La Juvenil fue desde el comienzo una empresa familiar, y, nos enorgullece decirlo, sigue siéndolo hoy, cuarenta y un años después de la inauguración de su primer local.
Su fundador, Gerardo Bermúdez, es un inmigrante gallego, que llegó en los años 50 a Buenos Aires.

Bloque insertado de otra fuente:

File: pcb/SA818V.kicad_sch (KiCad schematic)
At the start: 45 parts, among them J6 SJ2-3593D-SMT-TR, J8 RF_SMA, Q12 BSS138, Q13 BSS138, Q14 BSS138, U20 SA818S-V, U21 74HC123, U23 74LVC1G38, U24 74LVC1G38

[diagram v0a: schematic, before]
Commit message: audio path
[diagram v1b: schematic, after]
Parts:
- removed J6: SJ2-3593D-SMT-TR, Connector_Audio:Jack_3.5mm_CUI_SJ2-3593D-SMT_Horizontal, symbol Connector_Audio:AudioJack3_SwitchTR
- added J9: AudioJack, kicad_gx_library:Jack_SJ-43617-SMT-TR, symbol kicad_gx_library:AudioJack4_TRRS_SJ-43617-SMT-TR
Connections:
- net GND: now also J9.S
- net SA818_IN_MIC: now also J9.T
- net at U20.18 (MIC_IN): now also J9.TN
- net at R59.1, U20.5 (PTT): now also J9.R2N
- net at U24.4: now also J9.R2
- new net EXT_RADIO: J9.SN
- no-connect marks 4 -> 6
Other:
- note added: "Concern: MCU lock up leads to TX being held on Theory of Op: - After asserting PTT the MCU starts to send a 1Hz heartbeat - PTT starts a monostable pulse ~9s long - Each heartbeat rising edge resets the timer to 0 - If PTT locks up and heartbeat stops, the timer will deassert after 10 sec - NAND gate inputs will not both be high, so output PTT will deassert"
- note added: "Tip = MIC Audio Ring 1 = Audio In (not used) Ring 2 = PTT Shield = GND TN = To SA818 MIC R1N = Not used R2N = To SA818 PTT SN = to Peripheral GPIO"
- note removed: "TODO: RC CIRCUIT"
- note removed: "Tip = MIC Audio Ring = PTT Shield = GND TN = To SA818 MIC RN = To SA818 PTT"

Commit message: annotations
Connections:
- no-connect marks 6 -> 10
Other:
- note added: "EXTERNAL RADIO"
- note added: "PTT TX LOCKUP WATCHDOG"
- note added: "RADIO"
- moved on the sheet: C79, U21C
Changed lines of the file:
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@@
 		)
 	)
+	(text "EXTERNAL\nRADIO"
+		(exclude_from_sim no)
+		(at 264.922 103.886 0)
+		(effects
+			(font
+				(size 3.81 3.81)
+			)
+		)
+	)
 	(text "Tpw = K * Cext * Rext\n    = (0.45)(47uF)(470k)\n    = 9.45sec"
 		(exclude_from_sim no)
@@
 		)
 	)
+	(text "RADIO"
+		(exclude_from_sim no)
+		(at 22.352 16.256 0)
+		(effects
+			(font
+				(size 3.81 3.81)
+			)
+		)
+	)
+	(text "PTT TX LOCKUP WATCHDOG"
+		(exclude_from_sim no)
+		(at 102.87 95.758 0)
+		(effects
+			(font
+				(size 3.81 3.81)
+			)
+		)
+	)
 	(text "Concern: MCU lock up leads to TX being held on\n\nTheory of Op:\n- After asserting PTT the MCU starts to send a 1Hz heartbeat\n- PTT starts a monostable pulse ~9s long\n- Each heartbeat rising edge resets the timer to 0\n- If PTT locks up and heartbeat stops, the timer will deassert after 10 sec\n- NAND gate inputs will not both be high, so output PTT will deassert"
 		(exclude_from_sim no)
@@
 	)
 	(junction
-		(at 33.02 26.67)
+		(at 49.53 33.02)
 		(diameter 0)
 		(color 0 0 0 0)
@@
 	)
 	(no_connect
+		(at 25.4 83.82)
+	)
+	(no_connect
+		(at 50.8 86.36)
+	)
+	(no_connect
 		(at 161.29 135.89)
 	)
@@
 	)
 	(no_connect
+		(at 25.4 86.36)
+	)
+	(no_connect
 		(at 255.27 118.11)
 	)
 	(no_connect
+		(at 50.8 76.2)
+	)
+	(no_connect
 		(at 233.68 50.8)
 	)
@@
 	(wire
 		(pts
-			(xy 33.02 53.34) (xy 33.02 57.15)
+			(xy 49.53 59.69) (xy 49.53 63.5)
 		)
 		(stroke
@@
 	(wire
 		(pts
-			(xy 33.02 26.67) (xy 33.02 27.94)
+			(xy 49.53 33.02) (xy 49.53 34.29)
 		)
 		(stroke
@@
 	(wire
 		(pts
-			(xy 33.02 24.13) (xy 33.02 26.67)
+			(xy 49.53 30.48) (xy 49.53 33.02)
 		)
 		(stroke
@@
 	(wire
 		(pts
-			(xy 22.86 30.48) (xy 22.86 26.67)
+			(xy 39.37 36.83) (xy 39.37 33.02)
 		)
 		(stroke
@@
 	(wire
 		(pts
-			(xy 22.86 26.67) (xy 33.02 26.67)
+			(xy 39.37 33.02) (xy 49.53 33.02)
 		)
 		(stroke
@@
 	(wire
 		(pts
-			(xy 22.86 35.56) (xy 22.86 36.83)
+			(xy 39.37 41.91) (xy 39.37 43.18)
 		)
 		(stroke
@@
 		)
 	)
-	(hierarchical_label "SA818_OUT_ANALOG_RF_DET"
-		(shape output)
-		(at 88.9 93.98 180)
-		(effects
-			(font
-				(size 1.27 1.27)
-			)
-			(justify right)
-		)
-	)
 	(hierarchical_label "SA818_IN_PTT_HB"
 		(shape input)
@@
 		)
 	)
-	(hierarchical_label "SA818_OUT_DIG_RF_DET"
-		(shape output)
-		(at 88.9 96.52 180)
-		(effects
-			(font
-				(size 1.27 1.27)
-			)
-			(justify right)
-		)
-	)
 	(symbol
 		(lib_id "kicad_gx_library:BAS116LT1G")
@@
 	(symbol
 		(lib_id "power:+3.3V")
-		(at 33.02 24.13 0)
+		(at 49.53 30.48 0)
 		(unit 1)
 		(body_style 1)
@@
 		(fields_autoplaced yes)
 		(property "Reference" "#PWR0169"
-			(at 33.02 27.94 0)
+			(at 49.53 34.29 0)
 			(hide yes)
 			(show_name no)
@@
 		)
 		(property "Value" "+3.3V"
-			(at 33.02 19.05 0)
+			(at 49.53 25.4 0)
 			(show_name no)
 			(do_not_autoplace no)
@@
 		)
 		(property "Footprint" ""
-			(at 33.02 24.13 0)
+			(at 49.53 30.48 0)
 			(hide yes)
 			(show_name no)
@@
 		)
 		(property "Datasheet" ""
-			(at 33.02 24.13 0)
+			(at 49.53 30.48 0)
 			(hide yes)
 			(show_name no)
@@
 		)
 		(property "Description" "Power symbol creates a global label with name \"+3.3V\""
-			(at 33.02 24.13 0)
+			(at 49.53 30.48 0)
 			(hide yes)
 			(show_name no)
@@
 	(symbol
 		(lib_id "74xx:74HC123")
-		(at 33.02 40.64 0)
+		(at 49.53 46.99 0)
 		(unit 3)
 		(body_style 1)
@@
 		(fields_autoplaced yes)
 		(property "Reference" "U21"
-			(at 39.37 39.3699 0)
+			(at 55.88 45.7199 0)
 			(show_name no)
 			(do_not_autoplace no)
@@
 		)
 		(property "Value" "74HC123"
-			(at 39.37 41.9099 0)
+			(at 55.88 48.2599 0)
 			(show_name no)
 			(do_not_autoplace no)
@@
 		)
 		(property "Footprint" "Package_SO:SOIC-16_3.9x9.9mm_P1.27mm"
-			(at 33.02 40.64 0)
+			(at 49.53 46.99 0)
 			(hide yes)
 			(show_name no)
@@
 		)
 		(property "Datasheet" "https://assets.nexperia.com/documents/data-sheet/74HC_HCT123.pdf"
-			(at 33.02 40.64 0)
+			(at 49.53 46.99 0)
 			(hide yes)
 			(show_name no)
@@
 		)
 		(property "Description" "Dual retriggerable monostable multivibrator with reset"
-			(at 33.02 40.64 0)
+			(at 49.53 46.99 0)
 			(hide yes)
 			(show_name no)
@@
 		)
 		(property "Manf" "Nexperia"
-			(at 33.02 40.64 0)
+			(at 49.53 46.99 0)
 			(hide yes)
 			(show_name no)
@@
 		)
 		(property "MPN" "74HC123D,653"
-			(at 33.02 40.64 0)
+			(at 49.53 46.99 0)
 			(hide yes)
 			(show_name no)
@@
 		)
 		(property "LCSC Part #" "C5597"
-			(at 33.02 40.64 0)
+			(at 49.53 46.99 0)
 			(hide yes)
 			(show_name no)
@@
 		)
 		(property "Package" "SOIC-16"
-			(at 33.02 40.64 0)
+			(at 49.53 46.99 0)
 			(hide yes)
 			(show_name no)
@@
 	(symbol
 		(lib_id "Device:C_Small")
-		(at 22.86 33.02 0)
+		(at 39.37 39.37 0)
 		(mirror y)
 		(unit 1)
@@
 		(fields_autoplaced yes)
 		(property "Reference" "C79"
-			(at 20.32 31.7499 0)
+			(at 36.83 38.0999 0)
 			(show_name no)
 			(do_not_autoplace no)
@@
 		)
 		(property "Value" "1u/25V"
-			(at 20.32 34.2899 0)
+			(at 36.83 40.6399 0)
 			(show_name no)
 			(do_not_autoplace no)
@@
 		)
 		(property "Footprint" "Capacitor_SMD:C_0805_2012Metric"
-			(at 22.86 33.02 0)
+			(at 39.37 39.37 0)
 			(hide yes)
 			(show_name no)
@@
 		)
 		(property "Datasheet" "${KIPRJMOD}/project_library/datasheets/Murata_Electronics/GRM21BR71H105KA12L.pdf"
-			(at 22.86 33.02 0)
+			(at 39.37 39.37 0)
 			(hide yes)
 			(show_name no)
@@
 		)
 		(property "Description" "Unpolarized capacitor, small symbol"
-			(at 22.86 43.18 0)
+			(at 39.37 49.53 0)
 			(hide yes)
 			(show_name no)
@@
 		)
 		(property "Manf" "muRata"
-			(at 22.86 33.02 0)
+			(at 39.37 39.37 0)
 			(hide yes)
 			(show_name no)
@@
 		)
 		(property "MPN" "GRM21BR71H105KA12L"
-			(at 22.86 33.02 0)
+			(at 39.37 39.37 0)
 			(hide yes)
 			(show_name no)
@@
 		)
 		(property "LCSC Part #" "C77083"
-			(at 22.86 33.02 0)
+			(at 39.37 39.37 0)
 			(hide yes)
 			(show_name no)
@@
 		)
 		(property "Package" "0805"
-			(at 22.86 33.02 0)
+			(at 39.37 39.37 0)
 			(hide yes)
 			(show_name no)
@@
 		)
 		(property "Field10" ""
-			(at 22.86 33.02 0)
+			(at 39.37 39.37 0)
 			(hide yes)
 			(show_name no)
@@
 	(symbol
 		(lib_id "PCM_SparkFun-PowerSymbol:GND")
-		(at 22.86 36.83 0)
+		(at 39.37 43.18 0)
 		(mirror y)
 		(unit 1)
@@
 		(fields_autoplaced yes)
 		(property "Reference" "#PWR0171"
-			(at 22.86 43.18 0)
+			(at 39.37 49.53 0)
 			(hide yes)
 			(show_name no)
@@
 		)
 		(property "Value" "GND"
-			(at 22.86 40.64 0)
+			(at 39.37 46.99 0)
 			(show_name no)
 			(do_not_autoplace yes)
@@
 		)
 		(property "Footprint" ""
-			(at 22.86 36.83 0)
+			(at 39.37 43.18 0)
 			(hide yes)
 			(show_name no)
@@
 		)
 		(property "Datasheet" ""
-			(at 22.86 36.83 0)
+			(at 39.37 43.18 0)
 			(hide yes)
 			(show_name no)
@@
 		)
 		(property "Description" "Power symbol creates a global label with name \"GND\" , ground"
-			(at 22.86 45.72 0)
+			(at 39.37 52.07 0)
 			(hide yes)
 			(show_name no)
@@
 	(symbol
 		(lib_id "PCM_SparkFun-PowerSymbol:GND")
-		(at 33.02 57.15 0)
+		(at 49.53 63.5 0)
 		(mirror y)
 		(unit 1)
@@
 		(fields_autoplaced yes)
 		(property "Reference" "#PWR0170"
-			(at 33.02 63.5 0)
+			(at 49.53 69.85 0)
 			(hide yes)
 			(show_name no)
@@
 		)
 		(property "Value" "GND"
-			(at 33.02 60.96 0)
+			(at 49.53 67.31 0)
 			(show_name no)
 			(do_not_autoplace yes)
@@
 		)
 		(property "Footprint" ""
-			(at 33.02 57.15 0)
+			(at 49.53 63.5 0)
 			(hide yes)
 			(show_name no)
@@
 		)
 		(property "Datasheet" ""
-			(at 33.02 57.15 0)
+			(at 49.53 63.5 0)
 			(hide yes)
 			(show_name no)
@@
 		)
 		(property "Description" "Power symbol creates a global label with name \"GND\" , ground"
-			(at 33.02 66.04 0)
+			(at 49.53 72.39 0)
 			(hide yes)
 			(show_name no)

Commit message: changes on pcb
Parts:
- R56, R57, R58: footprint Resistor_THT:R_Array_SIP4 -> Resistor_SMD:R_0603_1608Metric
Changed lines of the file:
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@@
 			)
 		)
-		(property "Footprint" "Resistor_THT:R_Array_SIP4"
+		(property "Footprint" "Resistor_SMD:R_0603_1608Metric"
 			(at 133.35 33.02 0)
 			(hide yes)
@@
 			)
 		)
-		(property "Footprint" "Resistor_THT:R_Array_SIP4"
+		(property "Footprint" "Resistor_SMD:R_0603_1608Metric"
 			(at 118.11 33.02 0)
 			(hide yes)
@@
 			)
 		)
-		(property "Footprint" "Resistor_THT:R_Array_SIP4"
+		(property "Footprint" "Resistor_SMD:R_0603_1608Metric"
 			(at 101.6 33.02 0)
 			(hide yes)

Rápidamente comenzó a aprender el oficio de fabricante de pastas y, siendo muy joven aún, abrió su primer local propio, en la Avenida Federico Lacroze, barrio de Belgrano.
Desde entonces -y con la colaboración entusiasta de sus hermanos primero, de hijos y sobrinos después-, el sueño siguió creciendo hasta alcanzar su dimensión actual, que sustenta nuestra posición de liderazgo indiscutido en el mercado de las pastas frescas artesanales. (...)".

Notas
1. www.confiteriaideal.com
2. Guerriero, Leila (texto) y Lucesole, Martín (fotos): "Cuentos de gallegos", en La Nación Revista, 17 de abril de 2005.
3. www.la-juvenil.com.ar, 2000.


El político, pintor, periodista y escritor Alfonso Daniel Manuel Rodríguez Castelao "nació en Rianxo el 30 enero de 1886, aunque pasó toda su infancia en Santa Rosa de Toay, en La Pampa Argentina, donde habían emigrado sus padres. La familia Castelao vuelve a Rianxo en 1900 y Alfonso-Daniel se licencia en la Facultad de Medicina de Compostela en 1908, cursando el Doctorado en Madrid al año siguiente, donde comienza a destacar como caricaturista, tras lo que se establece en Rianxo y adhiere el movimiento agrarista Acción Gallega. Como pintor, Castelao fue un gran artista condicionado por su casi ceguera y por la necesidad que sentía de crear un arte al servicio de Galicia, primando la comunicación sobre las cuestiones artísticas. El arte gráfico de Castelao se define primeramente por su constante humorística y satírica en la que las gentes humildes suelen ser los protagonistas.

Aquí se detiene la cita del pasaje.